TASK BRIEF
Filter the entries beneath this task, copying only the lines that hold the word "ezdxf".

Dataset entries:

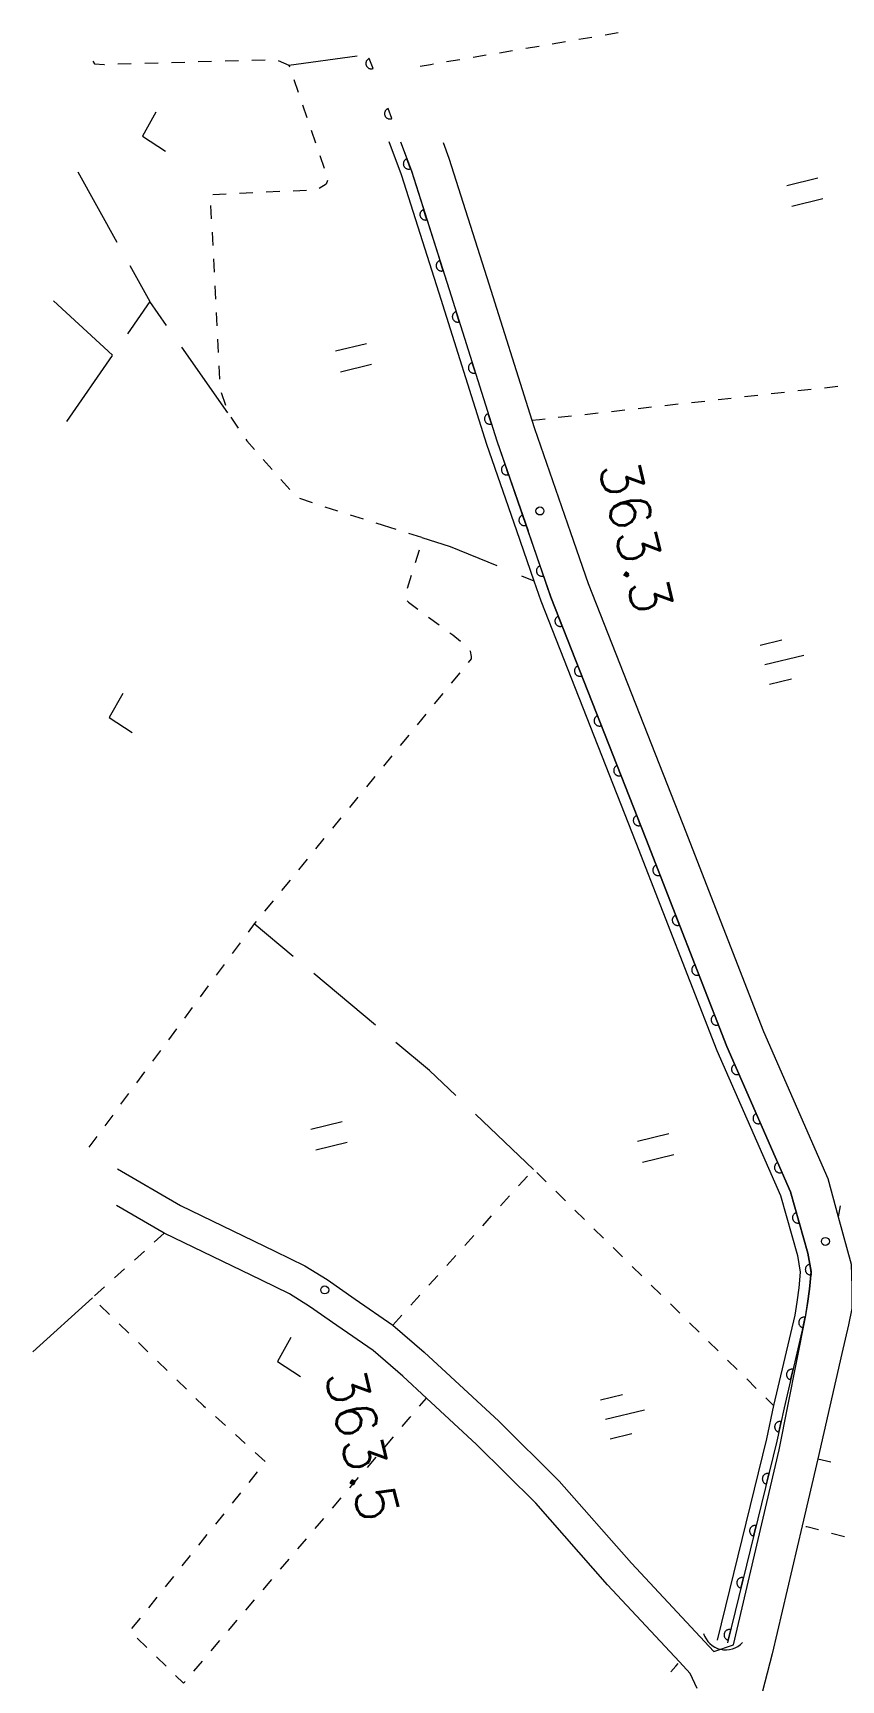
# Model space of a CAD drawing. Header units: millimetres. Extents: x -256476 to 341554, y -216330 to 457415.
# Drawn here: x -243875 to -168435, y 288058 to 441888 of the extents above; entities that cross this region are included whole.
import ezdxf

# ---------------------------------------------------------------- set-up
doc = ezdxf.new("R2010")
doc.units = ezdxf.units.MM
doc.header["$LTSCALE"] = 400
doc.layers.add('D-BGD', color=7, linetype='Continuous', lineweight=13)
doc.styles.add('BIGFONT', font='txt', dxfattribs={"height": 0.2, "bigfont": 'BIGFONT'})

msp = doc.modelspace()

# ---------------------------------------------------------------- linework, layer by layer
at = {"layer": 'D-BGD', "linetype": 'Continuous'}
for p, q in [((-189232.4, 441887.6, 362894), (-190464.3, 441678.8, 362909)), ((-199091.5, 440218.9, 363010), (-200324.3, 440010.6, 363024)), ((-196626.7, 440636.1, 362981), (-197859.5, 440427.8, 362996)), ((-194161.9, 441053.3, 362952), (-195393.9, 440844.4, 362967)), ((-191697.1, 441470.4, 362923), (-192929.1, 441261.6, 362938)), ((-235941.6, 438988.5, 362956), (-234692.3, 439024.8, 362942)), ((-233443.1, 439061, 362927), (-232193.3, 439098.1, 362913)), ((-230944.1, 439134.4, 362899), (-229694.8, 439170.7, 362885)), ((-228445.1, 439207.8, 362871), (-227195.8, 439244, 362857)), ((-225946.6, 439280.3, 362843), (-224697.3, 439316.6, 362829)), ((-223447.6, 439353.7, 362815), (-222198.3, 439390, 362801)), ((-219975.8, 438876, 362750), (-213618.1, 439742.9, 363100)), ((-204020.5, 439385.4, 363068), (-205253.3, 439177.1, 363082)), ((-201555.7, 439802.6, 363039), (-202788.6, 439594.3, 363053)), ((-219516.8, 437539.5, 362730), (-219112, 436357.5, 362712)), ((-218706.3, 435175, 362694), (-218300.6, 433992.6, 362676)), ((-217894.5, 432811, 362659), (-217488.8, 431628.5, 362641)), ((-217083.1, 430446, 362623), (-216678.3, 429264, 362605)), ((-239687.5, 428906, 363668), (-236045.3, 422349.8, 363680)), ((-173506.6, 427646.3), (-170592.2, 428354)), ((-225835.7, 426835.6, 362667), (-227084, 426776.9, 362686)), ((-223339.2, 426950.8, 362630), (-224587, 426892.9, 362649)), ((-220841.3, 427066.3, 362592), (-222090.5, 427008.1, 362611)), ((-218344.8, 427181.5, 362554), (-219593.5, 427124.2, 362573)), ((-173034.6, 425702.4), (-170120.2, 426410.2)), ((-227289.2, 425773.7, 362685), (-227224.7, 424525.5, 362678)), ((-227160.1, 423277.3, 362671), (-227095.6, 422029.1, 362664)), ((-227031, 420780.9, 362657), (-226965.6, 419532.2, 362650)), ((-226901.1, 418284, 362643), (-226836.5, 417035.8, 362636)), ((-236439.8, 411798.9, 363680), (-241972.7, 416861.7, 363732)), ((-231402.5, 414572.5, 363510), (-232964, 416802.3, 363690)), ((-226772, 415787.6, 362629), (-226707.5, 414539.3, 362622)), ((-225679.9, 406398.3, 362850), (-229971.7, 412528.6, 363345)), ((-226642.9, 413291.1, 362616), (-226577.5, 412042.4, 362609)), ((-215644.8, 412189.7), (-212730.4, 412897.5)), ((-236475, 411747.6, 363680), (-240758.7, 405591.5, 363663)), ((-226513, 410794.2, 362602), (-226448.4, 409546, 362595)), ((-215172.7, 410245.9), (-212258.3, 410953.6)), ((-226290.1, 408316.6, 362631), (-225914, 407132.7, 362766)), ((-179920.2, 407649.4, 362971), (-178678, 407787.8, 362957)), ((-177435.8, 407926.1, 362943), (-176193.7, 408064.5, 362929)), ((-174951.5, 408202.9, 362915), (-173709.3, 408341.2, 362901)), ((-172467.1, 408479.6, 362887), (-171224, 408617.4, 362872)), ((-169981.8, 408755.8, 362858), (-168739.6, 408894.2, 362844)), ((-194827.8, 405991, 363140), (-193584.7, 406128.8, 363126)), ((-192342.5, 406267.2, 363112), (-191100.3, 406405.6, 363098)), ((-189858.1, 406543.9, 363084), (-188615.9, 406682.3, 363070)), ((-187373.7, 406820.6, 363056), (-186132.1, 406958.1, 363042)), ((-184889.9, 407096.5, 363027), (-183647.7, 407234.8, 363013)), ((-182404.6, 407372.7, 362999), (-181162.4, 407511.1, 362985)), ((-225412.8, 406006, 362843), (-224709.1, 404972.9, 362823)), ((-222372.6, 402048.5, 362810), (-221546.5, 401109.9, 362815)), ((-220721.2, 400171.9, 362821), (-219895, 399233.3, 362826)), ((-218982.7, 398428.6, 362868), (-217810.3, 398020, 363018)), ((-216633, 397620.1, 363129), (-215440.8, 397246.2, 363125)), ((-214247.6, 396871.8, 363121), (-213055.4, 396497.9, 363116)), ((-211862.7, 396122.6, 363112), (-211188.3, 395911.4, 363110)), ((-211188.3, 395911.4, 363110), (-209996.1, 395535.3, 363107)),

ANSWER FOR THE TASK
import ezdxf
doc = ezdxf.new("R2010")
doc.units = ezdxf.units.MM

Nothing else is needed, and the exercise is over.